* **REQUIRED ACTION**: What you return must match the records word for word, except that pictures are dropped.
- Opening Delimiter -
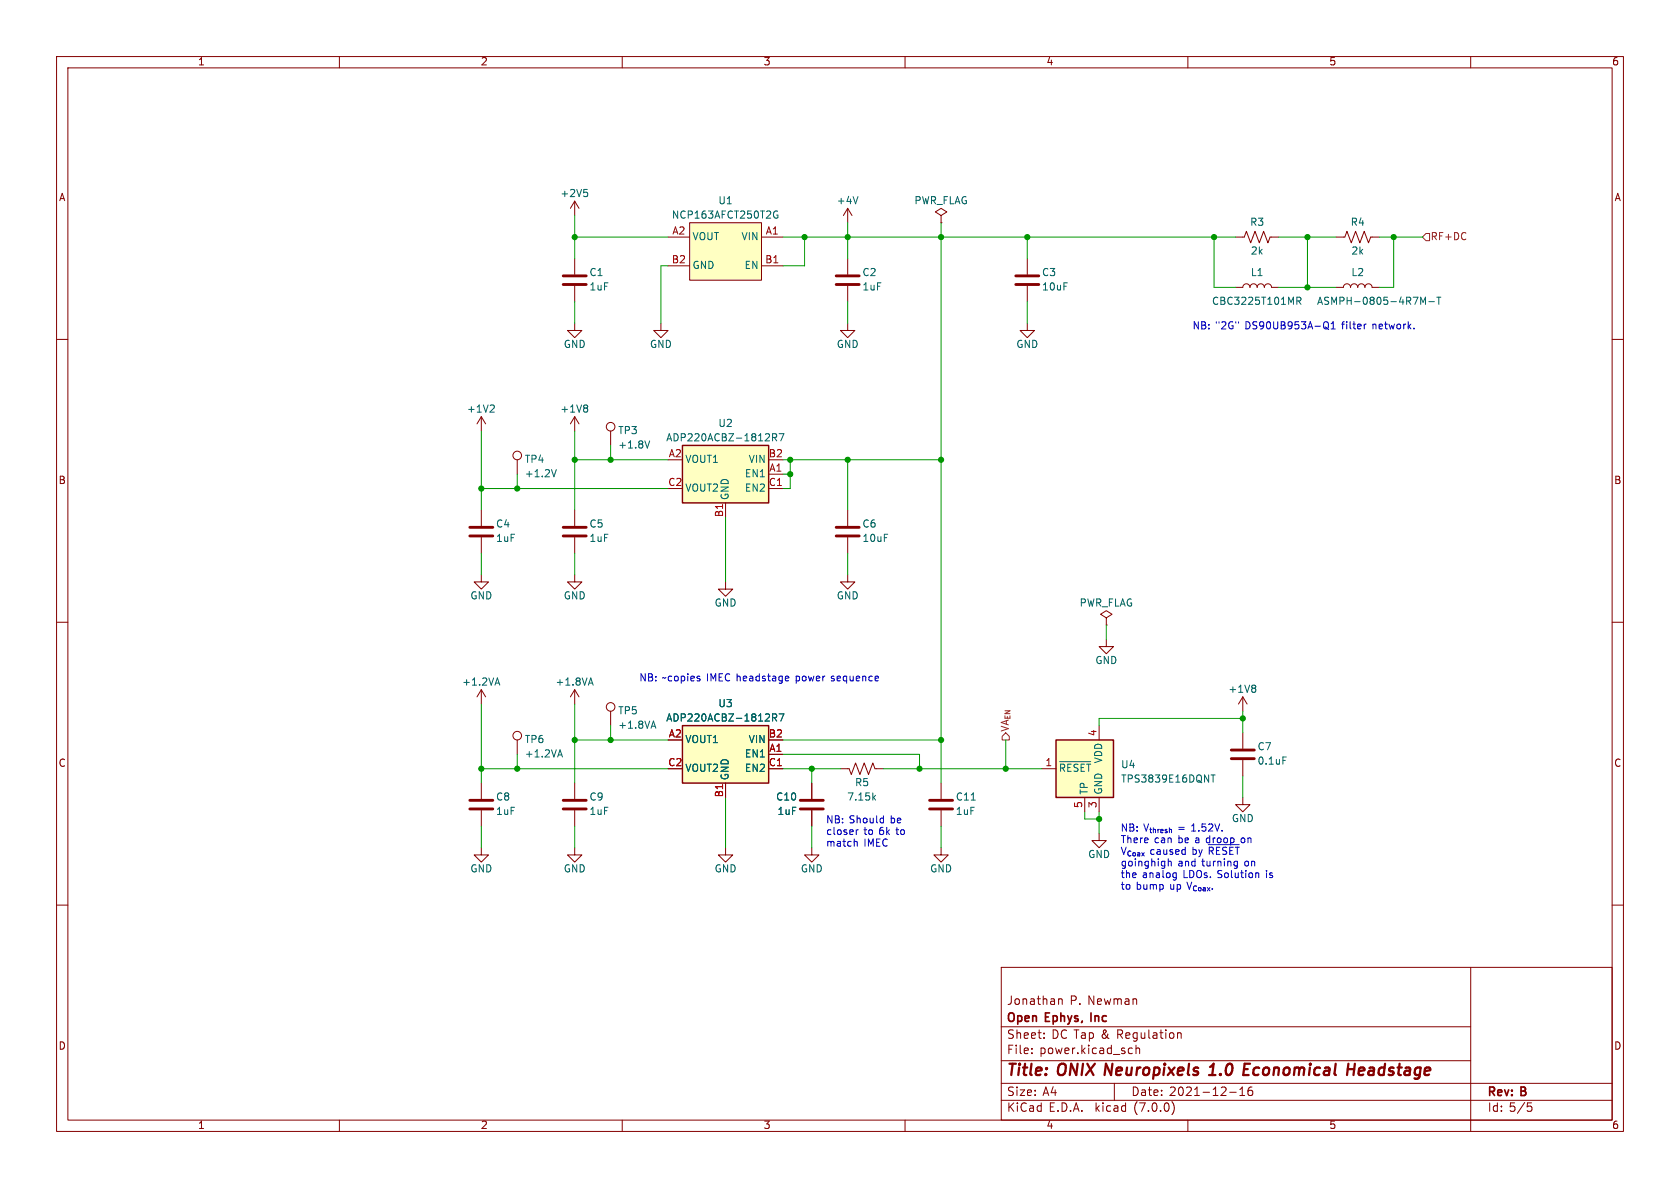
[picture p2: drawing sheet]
<svg xmlns="http://www.w3.org/2000/svg" width="297mm" height="210mm" viewBox="0 0 297 210" stroke-linecap="round" stroke-linejoin="round" font-family="sans-serif">
<g fill="none" stroke="#840000" stroke-width=".18">
<path d="M10 10h277v190h-277zM12 12h273v186h-273zM60 10v2M110 10v2M160 10v2M210 10v2M260 10v2M101.6 35.6v2.5M101.6 35.6l-.8 1.2M101.6 35.6l.8 1.2M121.9 39.4h12.7v10.1h-12.7zM149.9 36.8l-.8 1.3"/>
<path d="M149.9 36.8v2.6M149.9 36.8l.7 1.3M166.4 38.1l1-.6-1-.7-1 .7 1 .6v1.3M166.4 39.4h.1M10 60h2M101.6 57.2v1.2h1.3l-1.3 1.3-1.3-1.3h1.3M101.6 45.7v2.8M101.6 50.5v2.8M116.8 57.2v1.2h1.3l-1.3 1.3-1.2-1.3h1.2M118.1 41.9h3.8M118.1 47h3.8M134.6 41.9h3.8"/>
<path d="M134.6 47h3.8M149.9 57.2v1.2h1.2l-1.2 1.3-1.3-1.3h1.3M149.9 45.7v2.8M149.9 50.5v2.8M181.6 57.2v1.2h1.3l-1.3 1.3-1.3-1.3h1.3M181.6 45.7v2.8M181.6 50.5v2.8M218.4 41.9h1.6l.3-1 .8 2 .8-2 .7 2 .8-2 .8 2 .3-1h1.6M218.4 50.8h1.3a.64 .64 0 0 1 .6-.6 .64 .64 0 0 1 .7 .6 .64 .64 0 0 1 .6-.6 .64 .64 0 0 1 .6 .6 .64 .64 0 0 1 .7-.6 .64 .64 0 0 1 .6 .6 .64 .64 0 0 1 .7-.6 .64 .64 0 0 1 .6 .6h1.3M236.2 50.8h1.3a.64 .64 0 0 1 .6-.6 .64 .64 0 0 1 .7 .6 .64 .64 0 0 1 .6-.6 .64 .64 0 0 1 .6 .6 .64 .64 0 0 1 .7-.6 .64 .64 0 0 1 .6 .6 .64 .64 0 0 1 .6-.6 .64 .64 0 0 1 .7 .6h1.2M236.2 41.9h1.5l.4-1 .8 2 .7-2 .8 2 .8-2 .7 2 .4-1h1.5M285 60h2"/>
<path d="M85.1 73.7v2.5M85.1 73.7l-.8 1.2M85.1 73.7l.8 1.2M101.6 73.7v2.5M101.6 73.7l-.8 1.2M101.6 73.7l.8 1.2M107.9 76.2v2.5M85.1 90.2v2.8M85.1 95v2.8M91.4 81.3v2.5M101.6 90.2v2.8M101.6 95v2.8"/>
<path d="M128.3 88.9v2.5M135.9 83.8h2.5M135.9 86.4h2.5M149.9 90.2v2.8M149.9 95v2.8M10 110h2M85.1 101.6v1.3h1.3l-1.3 1.2-1.3-1.2h1.3M101.6 101.6v1.3h1.3l-1.3 1.2-1.3-1.2h1.3M128.3 102.9v1.2h1.2l-1.2 1.3-1.3-1.3h1.3M149.9 101.6v1.3h1.2l-1.2 1.2-1.3-1.2h1.3M195.6 109.2l1-.6-1-.6-1 .6 1 .6v1.3M195.6 110.5h.1"/>
<path d="M195.6 113v1.3h1.2l-1.2 1.3-1.3-1.3h1.3M285 110h2M85.1 121.9l.8 1.3M85.1 121.9v2.6M85.1 138.4v2.8M85.1 121.9l-.8 1.3M91.4 130.8v2.6M101.6 121.9v2.6M101.6 138.4v2.8M101.6 121.9l.8 1.3M101.6 121.9l-.8 1.3M107.9 125.7v2.6"/>
<path d="M128.3 138.4v2.6M135.9 135.9h2.5M135.9 133.4h2.5M143.5 138.4v2.8M148.6 135.9h1.5l.4 1 .8-2 .7 2 .8-2 .7 2 .8-2 .4 1h1.5M166.4 138.4v2.8M184.1 135.9h2.6M194.3 128.3v2.5M219.7 123.2v2.5M219.7 129.5v2.8M219.7 134.4v2.8M219.7 123.2l-.8 1.3"/>
<path d="M219.7 123.2l.8 1.3M10 160h2M85.1 149.9v1.2h-1.3l1.3 1.3 1.3-1.3h-1.3M85.1 143.3v2.8M101.6 149.9v1.2h-1.3l1.3 1.3 1.3-1.3h-1.3M101.6 143.3v2.8M128.3 149.9v1.2h-1.3l1.3 1.3 1.2-1.3h-1.2M143.5 149.9v1.2h-1.3l1.3 1.3 1.3-1.3h-1.3M143.5 143.3v2.8M166.4 149.9v1.2h-1.3l1.3 1.3 1.2-1.3h-1.2M166.4 143.3v2.8M191.8 141v2.5"/>
<path d="M194.3 147.3v1.3h-1.3l1.3 1.3 1.3-1.3h-1.3M194.3 141v2.5M219.7 141v1.2h-1.3l1.3 1.3 1.3-1.3h-1.3M285 160h2M177 171h108v27h-108zM187.1 176.7l.3-.1h.3l.1 1M260 171v29M60 198v2M110 198v2M160 198v2M177 194.5h108M177 191.5h108"/>
<path d="M177 187.5h83M177 181.5h83M182.4 186.1v.2M182.4 185.3v.2M184.6 183.4v.2M184.6 182.6v.2M197 191.5v3M199.8 185.3h.4M200.2 186.2l-.4 .1M200.8 185.4l.2-.1h.4l.1 1M200.8 184.8v1.5M207.2 194.8a1.74 1.74 0 0 1 0 2.2"/>
<path d="M208.2 182.6v1M208.2 182.7l.2-.1h.3l.1 1M210 198v2M217.4 193.1h1.1M219.2 193.7h.8M219.2 192.6l.4-.4v1.5M221.3 192.2a.59 .59 0 0 0-.7 .6v.6l.2 .2 .4 .1 .2-.2 .1-.5-.2-.2-.4-.1-.3 .3M270.2 195.5h.3l.3 .3-.1 .6-.5 .1"/>
<circle cx="107.9" cy="75.4" r=".76"/>
<circle cx="91.4" cy="80.5" r=".76"/>
<circle cx="91.4" cy="130" r=".76"/>
<circle cx="107.9" cy="125" r=".76"/>
</g>
<path d="M213.7 190h1.2M213.9 188.6l.7-.6-.3 2M219.8 190h.9M219.9 189h.7M220 188h1M238.3 189h1.1M239.5 188l-.2 2" fill="none" stroke="#840000" stroke-width=".4"/>
<g fill="none" stroke="#006464" stroke-width=".18">
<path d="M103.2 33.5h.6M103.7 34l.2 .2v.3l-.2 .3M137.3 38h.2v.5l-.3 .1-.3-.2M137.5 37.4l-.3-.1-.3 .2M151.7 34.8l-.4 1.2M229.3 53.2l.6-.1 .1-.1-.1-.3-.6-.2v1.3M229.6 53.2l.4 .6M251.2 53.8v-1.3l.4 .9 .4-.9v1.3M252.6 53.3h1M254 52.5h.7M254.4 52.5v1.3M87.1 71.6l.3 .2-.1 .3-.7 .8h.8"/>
- Closing Delimiter -
* **PROBLEM SOLUTION**:
[picture p2: drawing sheet]
<svg xmlns="http://www.w3.org/2000/svg" width="297mm" height="210mm" viewBox="0 0 297 210" stroke-linecap="round" stroke-linejoin="round" font-family="sans-serif">
<g fill="none" stroke="#840000" stroke-width=".18">
<path d="M10 10h277v190h-277zM12 12h273v186h-273zM60 10v2M110 10v2M160 10v2M210 10v2M260 10v2M101.6 35.6v2.5M101.6 35.6l-.8 1.2M101.6 35.6l.8 1.2M121.9 39.4h12.7v10.1h-12.7zM149.9 36.8l-.8 1.3"/>
<path d="M149.9 36.8v2.6M149.9 36.8l.7 1.3M166.4 38.1l1-.6-1-.7-1 .7 1 .6v1.3M166.4 39.4h.1M10 60h2M101.6 57.2v1.2h1.3l-1.3 1.3-1.3-1.3h1.3M101.6 45.7v2.8M101.6 50.5v2.8M116.8 57.2v1.2h1.3l-1.3 1.3-1.2-1.3h1.2M118.1 41.9h3.8M118.1 47h3.8M134.6 41.9h3.8"/>
<path d="M134.6 47h3.8M149.9 57.2v1.2h1.2l-1.2 1.3-1.3-1.3h1.3M149.9 45.7v2.8M149.9 50.5v2.8M181.6 57.2v1.2h1.3l-1.3 1.3-1.3-1.3h1.3M181.6 45.7v2.8M181.6 50.5v2.8M218.4 41.9h1.6l.3-1 .8 2 .8-2 .7 2 .8-2 .8 2 .3-1h1.6M218.4 50.8h1.3a.64 .64 0 0 1 .6-.6 .64 .64 0 0 1 .7 .6 .64 .64 0 0 1 .6-.6 .64 .64 0 0 1 .6 .6 .64 .64 0 0 1 .7-.6 .64 .64 0 0 1 .6 .6 .64 .64 0 0 1 .7-.6 .64 .64 0 0 1 .6 .6h1.3M236.2 50.8h1.3a.64 .64 0 0 1 .6-.6 .64 .64 0 0 1 .7 .6 .64 .64 0 0 1 .6-.6 .64 .64 0 0 1 .6 .6 .64 .64 0 0 1 .7-.6 .64 .64 0 0 1 .6 .6 .64 .64 0 0 1 .6-.6 .64 .64 0 0 1 .7 .6h1.2M236.2 41.9h1.5l.4-1 .8 2 .7-2 .8 2 .8-2 .7 2 .4-1h1.5M285 60h2"/>
<path d="M85.1 73.7v2.5M85.1 73.7l-.8 1.2M85.1 73.7l.8 1.2M101.6 73.7v2.5M101.6 73.7l-.8 1.2M101.6 73.7l.8 1.2M107.9 76.2v2.5M85.1 90.2v2.8M85.1 95v2.8M91.4 81.3v2.5M101.6 90.2v2.8M101.6 95v2.8"/>
<path d="M128.3 88.9v2.5M135.9 83.8h2.5M135.9 86.4h2.5M149.9 90.2v2.8M149.9 95v2.8M10 110h2M85.1 101.6v1.3h1.3l-1.3 1.2-1.3-1.2h1.3M101.6 101.6v1.3h1.3l-1.3 1.2-1.3-1.2h1.3M128.3 102.9v1.2h1.2l-1.2 1.3-1.3-1.3h1.3M149.9 101.6v1.3h1.2l-1.2 1.2-1.3-1.2h1.3M195.6 109.2l1-.6-1-.6-1 .6 1 .6v1.3M195.6 110.5h.1"/>
<path d="M195.6 113v1.3h1.2l-1.2 1.3-1.3-1.3h1.3M285 110h2M85.1 121.9l.8 1.3M85.1 121.9v2.6M85.1 138.4v2.8M85.1 121.9l-.8 1.3M91.4 130.8v2.6M101.6 121.9v2.6M101.6 138.4v2.8M101.6 121.9l.8 1.3M101.6 121.9l-.8 1.3M107.9 125.7v2.6"/>
<path d="M128.3 138.4v2.6M135.9 135.9h2.5M135.9 133.4h2.5M143.5 138.4v2.8M148.6 135.9h1.5l.4 1 .8-2 .7 2 .8-2 .7 2 .8-2 .4 1h1.5M166.4 138.4v2.8M184.1 135.9h2.6M194.3 128.3v2.5M219.7 123.2v2.5M219.7 129.5v2.8M219.7 134.4v2.8M219.7 123.2l-.8 1.3"/>
<path d="M219.7 123.2l.8 1.3M10 160h2M85.1 149.9v1.2h-1.3l1.3 1.3 1.3-1.3h-1.3M85.1 143.3v2.8M101.6 149.9v1.2h-1.3l1.3 1.3 1.3-1.3h-1.3M101.6 143.3v2.8M128.3 149.9v1.2h-1.3l1.3 1.3 1.2-1.3h-1.2M143.5 149.9v1.2h-1.3l1.3 1.3 1.3-1.3h-1.3M143.5 143.3v2.8M166.4 149.9v1.2h-1.3l1.3 1.3 1.2-1.3h-1.2M166.4 143.3v2.8M191.8 141v2.5"/>
<path d="M194.3 147.3v1.3h-1.3l1.3 1.3 1.3-1.3h-1.3M194.3 141v2.5M219.7 141v1.2h-1.3l1.3 1.3 1.3-1.3h-1.3M285 160h2M177 171h108v27h-108zM187.1 176.7l.3-.1h.3l.1 1M260 171v29M60 198v2M110 198v2M160 198v2M177 194.5h108M177 191.5h108"/>
<path d="M177 187.5h83M177 181.5h83M182.4 186.1v.2M182.4 185.3v.2M184.6 183.4v.2M184.6 182.6v.2M197 191.5v3M199.8 185.3h.4M200.2 186.2l-.4 .1M200.8 185.4l.2-.1h.4l.1 1M200.8 184.8v1.5M207.2 194.8a1.74 1.74 0 0 1 0 2.2"/>
<path d="M208.2 182.6v1M208.2 182.7l.2-.1h.3l.1 1M210 198v2M217.4 193.1h1.1M219.2 193.7h.8M219.2 192.6l.4-.4v1.5M221.3 192.2a.59 .59 0 0 0-.7 .6v.6l.2 .2 .4 .1 .2-.2 .1-.5-.2-.2-.4-.1-.3 .3M270.2 195.5h.3l.3 .3-.1 .6-.5 .1"/>
<circle cx="107.9" cy="75.4" r=".76"/>
<circle cx="91.4" cy="80.5" r=".76"/>
<circle cx="91.4" cy="130" r=".76"/>
<circle cx="107.9" cy="125" r=".76"/>
</g>
<path d="M213.7 190h1.2M213.9 188.6l.7-.6-.3 2M219.8 190h.9M219.9 189h.7M220 188h1M238.3 189h1.1M239.5 188l-.2 2" fill="none" stroke="#840000" stroke-width=".4"/>
<g fill="none" stroke="#006464" stroke-width=".18">
<path d="M103.2 33.5h.6M103.7 34l.2 .2v.3l-.2 .3M137.3 38h.2v.5l-.3 .1-.3-.2M137.5 37.4l-.3-.1-.3 .2M151.7 34.8l-.4 1.2M229.3 53.2l.6-.1 .1-.1-.1-.3-.6-.2v1.3M229.6 53.2l.4 .6M251.2 53.8v-1.3l.4 .9 .4-.9v1.3M252.6 53.3h1M254 52.5h.7M254.4 52.5v1.3M87.1 71.6l.3 .2-.1 .3-.7 .8h.8"/>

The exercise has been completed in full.